What is required :: In this exercise, retype exactly and only the lines from the top of the entries below through the line that holds "#37=LINE('',#36,#35);", omitting pictures.

Data extracted from a collection:
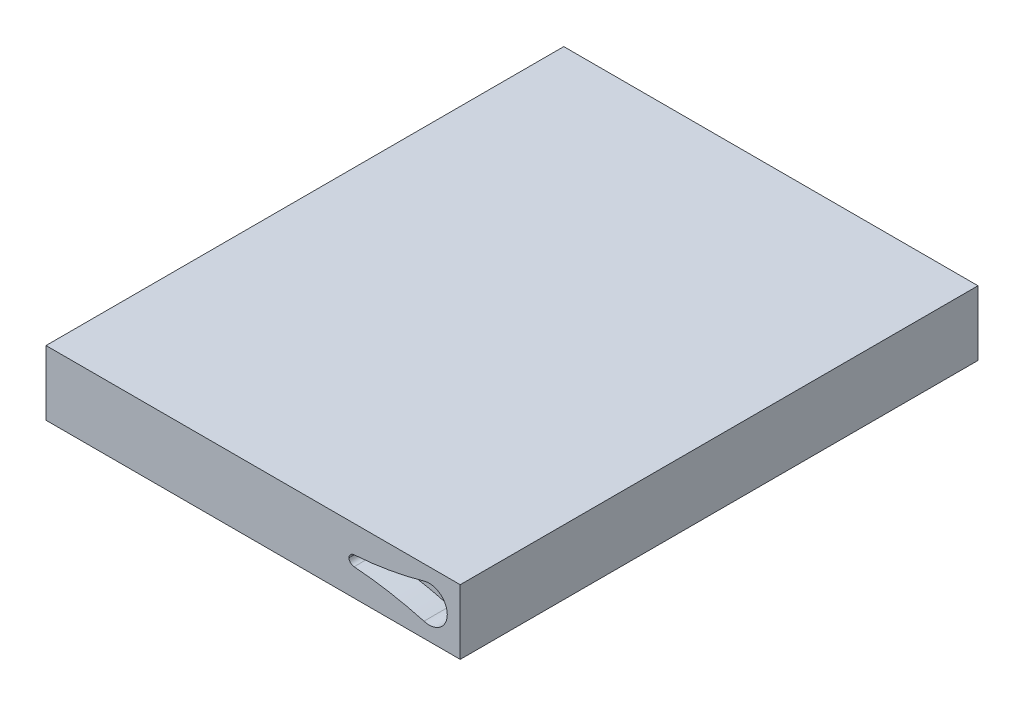
ISO-10303-21;
HEADER;
FILE_DESCRIPTION(('STEP AP214'),'2;1');
FILE_NAME('part.step','',(''),(''),'','','');
FILE_SCHEMA(('AUTOMOTIVE_DESIGN { 1 0 10303 214 1 1 1 1 }'));
ENDSEC;
DATA;
#1=APPLICATION_CONTEXT('core data for automotive mechanical design processes');
#2=APPLICATION_PROTOCOL_DEFINITION('international standard','automotive_design',2000,#1);
#3=PRODUCT_CONTEXT('',#1,'mechanical');
#4=PRODUCT('Part','Part','',(#3));
#5=PRODUCT_RELATED_PRODUCT_CATEGORY('part','',(#4));
#6=PRODUCT_DEFINITION_FORMATION('','',#4);
#7=PRODUCT_DEFINITION_CONTEXT('part definition',#1,'design');
#8=PRODUCT_DEFINITION('design','',#6,#7);
#9=PRODUCT_DEFINITION_SHAPE('','',#8);
#10=(LENGTH_UNIT() NAMED_UNIT(*) SI_UNIT(.MILLI.,.METRE.));
#11=(NAMED_UNIT(*) PLANE_ANGLE_UNIT() SI_UNIT($,.RADIAN.));
#12=(NAMED_UNIT(*) SI_UNIT($,.STERADIAN.) SOLID_ANGLE_UNIT());
#13=UNCERTAINTY_MEASURE_WITH_UNIT(LENGTH_MEASURE(1.E-05),#10,'distance_accuracy_value','');
#14=(GEOMETRIC_REPRESENTATION_CONTEXT(3) GLOBAL_UNCERTAINTY_ASSIGNED_CONTEXT((#13)) GLOBAL_UNIT_ASSIGNED_CONTEXT((#10,
#11,#12)) REPRESENTATION_CONTEXT('',''));
#15=CARTESIAN_POINT('',(0.,0.,0.));
#16=DIRECTION('',(0.,0.,1.));
#17=DIRECTION('',(1.,0.,0.));
#18=AXIS2_PLACEMENT_3D('',#15,#16,#17);
#19=CARTESIAN_POINT('',(0.,12.5,0.));
#20=DIRECTION('',(0.,0.,-1.));
#21=DIRECTION('',(-1.,0.,0.));
#22=AXIS2_PLACEMENT_3D('',#19,#20,#21);
#23=PLANE('',#22);
#24=DIRECTION('',(1.,0.,0.));
#25=VECTOR('',#24,1.);
#26=CARTESIAN_POINT('',(0.,0.,0.));
#27=LINE('',#26,#25);
#28=CARTESIAN_POINT('',(0.,0.,0.));
#29=VERTEX_POINT('',#28);
#30=CARTESIAN_POINT('',(80.,0.,0.));
#31=VERTEX_POINT('',#30);
#32=EDGE_CURVE('E262',#29,#31,#27,.T.);
#33=ORIENTED_EDGE('',*,*,#32,.T.);
#34=DIRECTION('',(0.,-1.,0.));
#35=VECTOR('',#34,1.);
#36=CARTESIAN_POINT('',(80.,12.5,0.));
#37=LINE('',#36,#35);
#38=CARTESIAN_POINT('',(80.,12.5,0.));
#39=VERTEX_POINT('',#38);
#40=EDGE_CURVE('E54',#39,#31,#37,.T.);
#41=ORIENTED_EDGE('',*,*,#40,.F.);
#42=DIRECTION('',(1.,0.,0.));
#43=VECTOR('',#42,1.);
#44=CARTESIAN_POINT('',(0.,12.5,0.));
#45=LINE('',#44,#43);
#46=CARTESIAN_POINT('',(0.,12.5,0.));
#47=VERTEX_POINT('',#46);
#48=EDGE_CURVE('E248',#47,#39,#45,.T.);
#49=ORIENTED_EDGE('',*,*,#48,.F.);
#50=DIRECTION('',(0.,-1.,0.));
#51=VECTOR('',#50,1.);
#52=CARTESIAN_POINT('',(0.,12.5,0.));
#53=LINE('',#52,#51);
#54=EDGE_CURVE('E11',#47,#29,#53,.T.);
#55=ORIENTED_EDGE('',*,*,#54,.T.);
#56=EDGE_LOOP('',(#33,#41,#49,#55));
#57=FACE_BOUND('',#56,.T.);
#58=CARTESIAN_POINT('',(59.5740057832264,6.17599421677323,0.));
#59=DIRECTION('',(0.,0.,1.));
#60=DIRECTION('',(1.,0.,0.));
#61=AXIS2_PLACEMENT_3D('',#58,#59,#60);
#62=CIRCLE('',#61,1.07655249679479);
#63=CARTESIAN_POINT('',(58.4999999999999,6.24999999999999,0.));
#64=VERTEX_POINT('',#63);
#65=CARTESIAN_POINT('',(59.5,7.24999999999981,0.));
#66=VERTEX_POINT('',#65);
#67=EDGE_CURVE('E69',#64,#66,#62,.F.);
#68=ORIENTED_EDGE('',*,*,#67,.T.);
#69=CARTESIAN_POINT('',(54.956020838334,73.1943044277108,0.));
#70=DIRECTION('',(0.,0.,1.));
#71=DIRECTION('',(1.,0.,0.));
#72=AXIS2_PLACEMENT_3D('',#69,#70,#71);
#73=CIRCLE('',#72,66.100673469158);
#74=CARTESIAN_POINT('',(73.,9.60410196624968,0.));
#75=VERTEX_POINT('',#74);
#76=EDGE_CURVE('E196',#66,#75,#73,.T.);
#77=ORIENTED_EDGE('',*,*,#76,.T.);
#78=CARTESIAN_POINT('',(74.,6.25,0.));
#79=DIRECTION('',(0.,0.,1.));
#80=DIRECTION('',(1.,0.,0.));
#81=AXIS2_PLACEMENT_3D('',#78,#79,#80);
#82=CIRCLE('',#81,3.50000000000001);
#83=CARTESIAN_POINT('',(73.,2.89589803375031,0.));
#84=VERTEX_POINT('',#83);
#85=EDGE_CURVE('E222',#84,#75,#82,.T.);
#86=ORIENTED_EDGE('',*,*,#85,.F.);
#87=CARTESIAN_POINT('',(54.2313452927929,-64.8500801778966,0.));
#88=DIRECTION('',(0.,0.,1.));
#89=DIRECTION('',(1.,0.,0.));
#90=AXIS2_PLACEMENT_3D('',#87,#88,#89);
#91=CIRCLE('',#90,70.2977948684829);
#92=CARTESIAN_POINT('',(59.5,5.25000000000005,0.));
#93=VERTEX_POINT('',#92);
#94=EDGE_CURVE('E218',#93,#84,#91,.F.);
#95=ORIENTED_EDGE('',*,*,#94,.F.);
#96=CARTESIAN_POINT('',(59.5812669884853,6.33126698848544,0.));
#97=DIRECTION('',(0.,0.,1.));
#98=DIRECTION('',(1.,0.,0.));
#99=AXIS2_PLACEMENT_3D('',#96,#97,#98);
#100=CIRCLE('',#99,1.08431666214522);
#101=EDGE_CURVE('E214',#64,#93,#100,.T.);
#102=ORIENTED_EDGE('',*,*,#101,.F.);
#103=EDGE_LOOP('',(#68,#77,#86,#95,#102));
#104=FACE_BOUND('',#103,.T.);
#105=ADVANCED_FACE('F45',(#57,#104),#23,.F.);
#106=CARTESIAN_POINT('',(0.,12.5,0.));
#107=DIRECTION('',(1.,0.,0.));
#108=DIRECTION('',(0.,0.,-1.));
#109=AXIS2_PLACEMENT_3D('',#106,#107,#108);
#110=PLANE('',#109);
#111=DIRECTION('',(0.,0.,1.));
#112=VECTOR('',#111,1.);
#113=CARTESIAN_POINT('',(0.,0.,0.));
#114=LINE('',#113,#112);
#115=CARTESIAN_POINT('',(0.,0.,-100.));
#116=VERTEX_POINT('',#115);
#117=EDGE_CURVE('E232',#116,#29,#114,.T.);
#118=ORIENTED_EDGE('',*,*,#117,.T.);
#119=ORIENTED_EDGE('',*,*,#54,.F.);
#120=DIRECTION('',(0.,0.,1.));
#121=VECTOR('',#120,1.);
#122=CARTESIAN_POINT('',(0.,12.5,0.));
#123=LINE('',#122,#121);
#124=CARTESIAN_POINT('',(0.,12.5,-100.));
#125=VERTEX_POINT('',#124);
#126=EDGE_CURVE('E244',#125,#47,#123,.T.);
#127=ORIENTED_EDGE('',*,*,#126,.F.);
#128=DIRECTION('',(0.,-1.,0.));
#129=VECTOR('',#128,1.);
#130=CARTESIAN_POINT('',(0.,12.5,-100.));
#131=LINE('',#130,#129);
#132=EDGE_CURVE('E258',#125,#116,#131,.T.);
#133=ORIENTED_EDGE('',*,*,#132,.T.);
#134=EDGE_LOOP('',(#118,#119,#127,#133));
#135=FACE_BOUND('',#134,.T.);
#136=ADVANCED_FACE('F47',(#135),#110,.F.);
#137=CARTESIAN_POINT('',(80.,12.5,0.));
#138=DIRECTION('',(-1.,0.,0.));
#139=DIRECTION('',(0.,0.,1.));
#140=AXIS2_PLACEMENT_3D('',#137,#138,#139);
#141=PLANE('',#140);
#142=DIRECTION('',(0.,0.,-1.));
#143=VECTOR('',#142,1.);
#144=CARTESIAN_POINT('',(80.,0.,0.));
#145=LINE('',#144,#143);
#146=CARTESIAN_POINT('',(80.,0.,-100.));
#147=VERTEX_POINT('',#146);
#148=EDGE_CURVE('E265',#31,#147,#145,.T.);
#149=ORIENTED_EDGE('',*,*,#148,.T.);
#150=DIRECTION('',(0.,-1.,0.));
#151=VECTOR('',#150,1.);
#152=CARTESIAN_POINT('',(80.,12.5,-100.));
#153=LINE('',#152,#151);
#154=CARTESIAN_POINT('',(80.,12.5,-100.));
#155=VERTEX_POINT('',#154);
#156=EDGE_CURVE('E273',#155,#147,#153,.T.);
#157=ORIENTED_EDGE('',*,*,#156,.F.);
#158=DIRECTION('',(0.,0.,-1.));
#159=VECTOR('',#158,1.);
#160=CARTESIAN_POINT('',(80.,12.5,0.));
#161=LINE('',#160,#159);
#162=EDGE_CURVE('E252',#39,#155,#161,.T.);
#163=ORIENTED_EDGE('',*,*,#162,.F.);
#164=ORIENTED_EDGE('',*,*,#40,.T.);
#165=EDGE_LOOP('',(#149,#157,#163,#164));
#166=FACE_BOUND('',#165,.T.);
#167=ADVANCED_FACE('F282',(#166),#141,.F.);
#168=CARTESIAN_POINT('',(0.,12.5,-100.));
#169=DIRECTION('',(0.,0.,1.));
#170=DIRECTION('',(1.,0.,0.));
#171=AXIS2_PLACEMENT_3D('',#168,#169,#170);
#172=PLANE('',#171);
#173=CARTESIAN_POINT('',(74.,6.25,-100.));
#174=DIRECTION('',(0.,0.,1.));
#175=DIRECTION('',(1.,0.,0.));
#176=AXIS2_PLACEMENT_3D('',#173,#174,#175);
#177=CIRCLE('',#176,3.50000000000001);
#178=CARTESIAN_POINT('',(73.,9.60410196624969,-100.));
#179=VERTEX_POINT('',#178);
#180=CARTESIAN_POINT('',(73.,2.89589803375032,-100.));
#181=VERTEX_POINT('',#180);
#182=EDGE_CURVE('E165',#179,#181,#177,.F.);
#183=ORIENTED_EDGE('',*,*,#182,.F.);
#184=CARTESIAN_POINT('',(59.4999965987618,47.0919558498584,-100.));
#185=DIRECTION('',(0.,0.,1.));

Completed task ::
ISO-10303-21;
HEADER;
FILE_DESCRIPTION(('STEP AP214'),'2;1');
FILE_NAME('part.step','',(''),(''),'','','');
FILE_SCHEMA(('AUTOMOTIVE_DESIGN { 1 0 10303 214 1 1 1 1 }'));
ENDSEC;
DATA;
#1=APPLICATION_CONTEXT('core data for automotive mechanical design processes');
#2=APPLICATION_PROTOCOL_DEFINITION('international standard','automotive_design',2000,#1);
#3=PRODUCT_CONTEXT('',#1,'mechanical');
#4=PRODUCT('Part','Part','',(#3));
#5=PRODUCT_RELATED_PRODUCT_CATEGORY('part','',(#4));
#6=PRODUCT_DEFINITION_FORMATION('','',#4);
#7=PRODUCT_DEFINITION_CONTEXT('part definition',#1,'design');
#8=PRODUCT_DEFINITION('design','',#6,#7);
#9=PRODUCT_DEFINITION_SHAPE('','',#8);
#10=(LENGTH_UNIT() NAMED_UNIT(*) SI_UNIT(.MILLI.,.METRE.));
#11=(NAMED_UNIT(*) PLANE_ANGLE_UNIT() SI_UNIT($,.RADIAN.));
#12=(NAMED_UNIT(*) SI_UNIT($,.STERADIAN.) SOLID_ANGLE_UNIT());
#13=UNCERTAINTY_MEASURE_WITH_UNIT(LENGTH_MEASURE(1.E-05),#10,'distance_accuracy_value','');
#14=(GEOMETRIC_REPRESENTATION_CONTEXT(3) GLOBAL_UNCERTAINTY_ASSIGNED_CONTEXT((#13)) GLOBAL_UNIT_ASSIGNED_CONTEXT((#10,
#11,#12)) REPRESENTATION_CONTEXT('',''));
#15=CARTESIAN_POINT('',(0.,0.,0.));
#16=DIRECTION('',(0.,0.,1.));
#17=DIRECTION('',(1.,0.,0.));
#18=AXIS2_PLACEMENT_3D('',#15,#16,#17);
#19=CARTESIAN_POINT('',(0.,12.5,0.));
#20=DIRECTION('',(0.,0.,-1.));
#21=DIRECTION('',(-1.,0.,0.));
#22=AXIS2_PLACEMENT_3D('',#19,#20,#21);
#23=PLANE('',#22);
#24=DIRECTION('',(1.,0.,0.));
#25=VECTOR('',#24,1.);
#26=CARTESIAN_POINT('',(0.,0.,0.));
#27=LINE('',#26,#25);
#28=CARTESIAN_POINT('',(0.,0.,0.));
#29=VERTEX_POINT('',#28);
#30=CARTESIAN_POINT('',(80.,0.,0.));
#31=VERTEX_POINT('',#30);
#32=EDGE_CURVE('E262',#29,#31,#27,.T.);
#33=ORIENTED_EDGE('',*,*,#32,.T.);
#34=DIRECTION('',(0.,-1.,0.));
#35=VECTOR('',#34,1.);
#36=CARTESIAN_POINT('',(80.,12.5,0.));
#37=LINE('',#36,#35);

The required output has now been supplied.